O globo, n.31893, 01/12/2020. País, p. 8

 

O dia seguinte do PT

Sérgio Roxo 

01/12/2020

 

 

O resultado da eleição do último domingo intensificou articulações de grupos petistas para encurtar o mandato da presidente do partido, Gleisi Hoffmann. Pela primeira vez em sua história, a sigla não elegeu nenhum prefeito em capitais. O descontentamento fez com que gente do partido defendesse até que o ex-presidente Lula saia de cena e permita a renovação dos quadros.

A defesa da troca da direção está sendo liderada pelas correntes minoritárias Novos Rumos e Articulação de Esquerda. Há uma tentativa de atrair quadros da CNB, o grupo majoritário, para a causa.

— Diante dos resultados que foram muito abaixo das nossas expectativas, é importante que a gente antecipe o congresso do PT para 2021. Em função dos problemas que o partido enfrentou na eleição, temos que fazer um balanço, debater a nossa tática e renovar a direção — afirma o deputado estadual José Américo, do Novos Rumos.

Reeleita no ano passado, Gleisi tem mandato na presidência do PT até 2023. Para antecipar o congresso e mudar a direção, seria necessário a aprovação do diretório nacional, que é controlado pela CNB, a corrente da atual presidente.

Gleisi fez uma avaliação positiva do resultado da eleição. O argumento principal é que o partido manteve o mesmo número de eleitores sob o seu comando, apesar no número total de cidades, de 254, foi para 183.

CRÍTICA INTERNA

“Não se pode converter derrota em vitória. Derrota é derrota. O papel do dirigente político é o de buscar as causas das derrotas. Fora disso, é o autoengano, teimosia, obtusidade. O PT precisa voltar a ser o partido do futuro. Passado é passado”, contestou Alberto Cantalice, membro do diretório nacional e integrante da CNB, no Twitter.

Ao GLOBO, Cantalice disse que o partido deveria renovar suas lideranças e se apresentar assim ao eleitor em 2022. Ele acrescentou que não defende necessariamente a realização de um congresso partidário.

Para Cantalice, Lula, por ser a principal figura da sigla, tem relação direta com o resultado e, por isso, deveria sair de cena.

—O PT tem várias lideranças: (o ex-prefeito Fernando) Haddad, (governador) Camilo (Santanta), (o senador Jaques) Wagner, (os governadores) Rui Costa, Wellington Dias e Fátima Bezerra. Vários senadores. O Lula já deu muito para o partido. É hora de abrir espaço.

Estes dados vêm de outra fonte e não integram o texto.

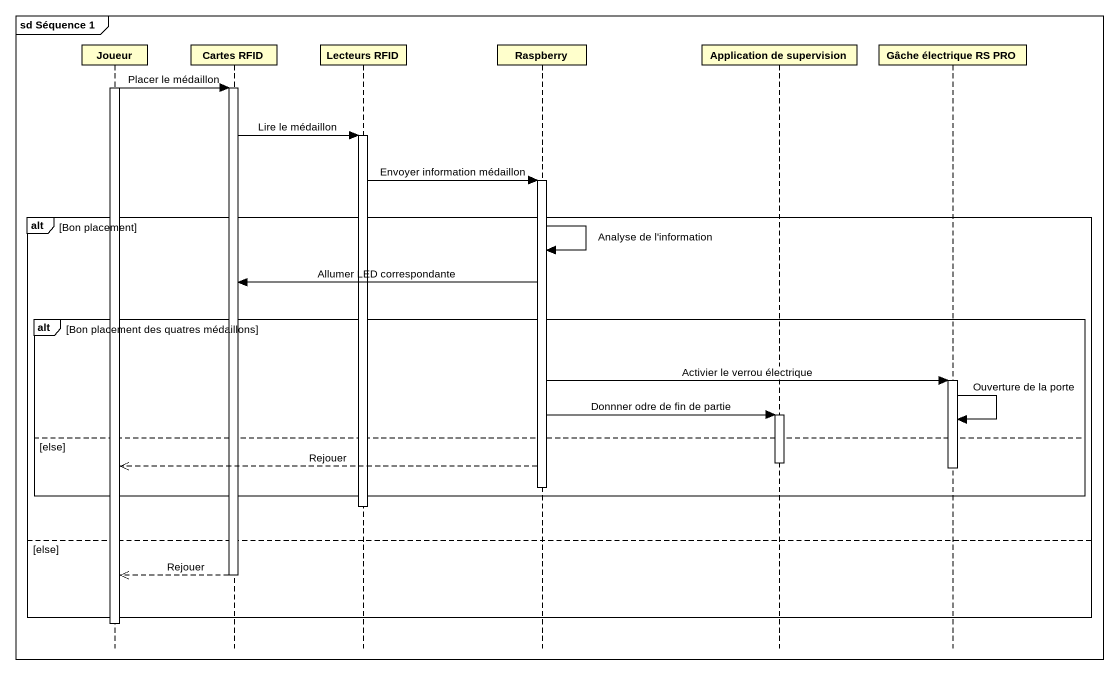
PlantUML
@startuml
mainframe sd Séquence 1
hide footbox
participant Joueur
participant "Cartes RFID" as Cartes_RFID
participant "Lecteurs RFID" as Lecteurs_RFID
participant Raspberry
participant "Application de supervision" as Application_de_supervision
participant "Gâche électrique RS PRO" as Gâche_électrique_RS_PRO

activate Joueur
Joueur -> Cartes_RFID : Placer le médaillon
activate Cartes_RFID
Cartes_RFID -> Lecteurs_RFID : Lire le médaillon
activate Lecteurs_RFID
Lecteurs_RFID -> Raspberry : Envoyer information médaillon
activate Raspberry
alt Bon placement
  Raspberry -> Raspberry : Analyse de l'information
  Raspberry -> Cartes_RFID : Allumer LED correspondante
  alt Bon placement des quatres médaillons
    Raspberry -> Gâche_électrique_RS_PRO : Activier le verrou électrique
    activate Gâche_électrique_RS_PRO
    Raspberry -> Application_de_supervision : Donnner odre de fin de partie
    activate Application_de_supervision
    Gâche_électrique_RS_PRO -> Gâche_électrique_RS_PRO : Ouverture de la porte
  else else
    deactivate Application_de_supervision
    Raspberry -->> Joueur : Rejouer
    deactivate Gâche_électrique_RS_PRO
    deactivate Raspberry
  end
  deactivate Lecteurs_RFID
else else
  Cartes_RFID -->> Joueur : Rejouer
  deactivate Cartes_RFID
end
deactivate Joueur
@enduml

Seguindo tática defendida por Lula após deixar a cadeia em novembro do ano passado, o PT decidiu lançar candidatos no maior número possível de cidades que possuem retransmissoras de televisão. A ideia era usar o horário eleitoral para propagar o legado da sigla.

Apesar da orientação, foram feitas alianças em que a legenda abriu mão da cabeça da chapa, como em Belém, com o apoio a Edmilson Rodrigues (PSOL), que saiu vencedor, e Porto Alegre, com composição com Manuela D’Ávila (PCdoB).

Em reunião na manhã de ontem com Lula, Haddad, governadores e líderes na Câmara e no Senado, Gleisi defendeu que a tática adotada foi acertada porque o partido cresceu nas grandes cidades. Em 2016, a sigla havia disputado sete segundos turnos e agora foram 15. O PT venceu em quatro disputas no último domingo. Houve também aumento da votação em capitais, apesar de não ter sido obtida nenhuma vitória. Há quatro anos, o partido tinha conquistado apenas Rio Branco, no Acre.

Mesmo pessoas próximas a Gleisi reconhecem, porém, que o resultado foi pior do que o projetado. A expectativa era se recuperar de parte do fiasco de 2016, quando o partido perdeu 60% das prefeituras que tinha vencido quatro anos antes.

Em uma reunião de avaliação do primeiro turno, Lula havia mostrado preocupação com as derrotas do PT em São Bernardo do Campo, cidade onde vive, e Osasco, município da região metropolitana de São Paulo.

Na cidade do ABC, Luiz Marinho, que já foi prefeito por duas vezes, perdeu no primeiro turno para o atual prefeito Orlando Morando. Em Osasco, cidade em que o PT já venceu três vezes, Emídio de Souza ficou apenas em terceiro lugar.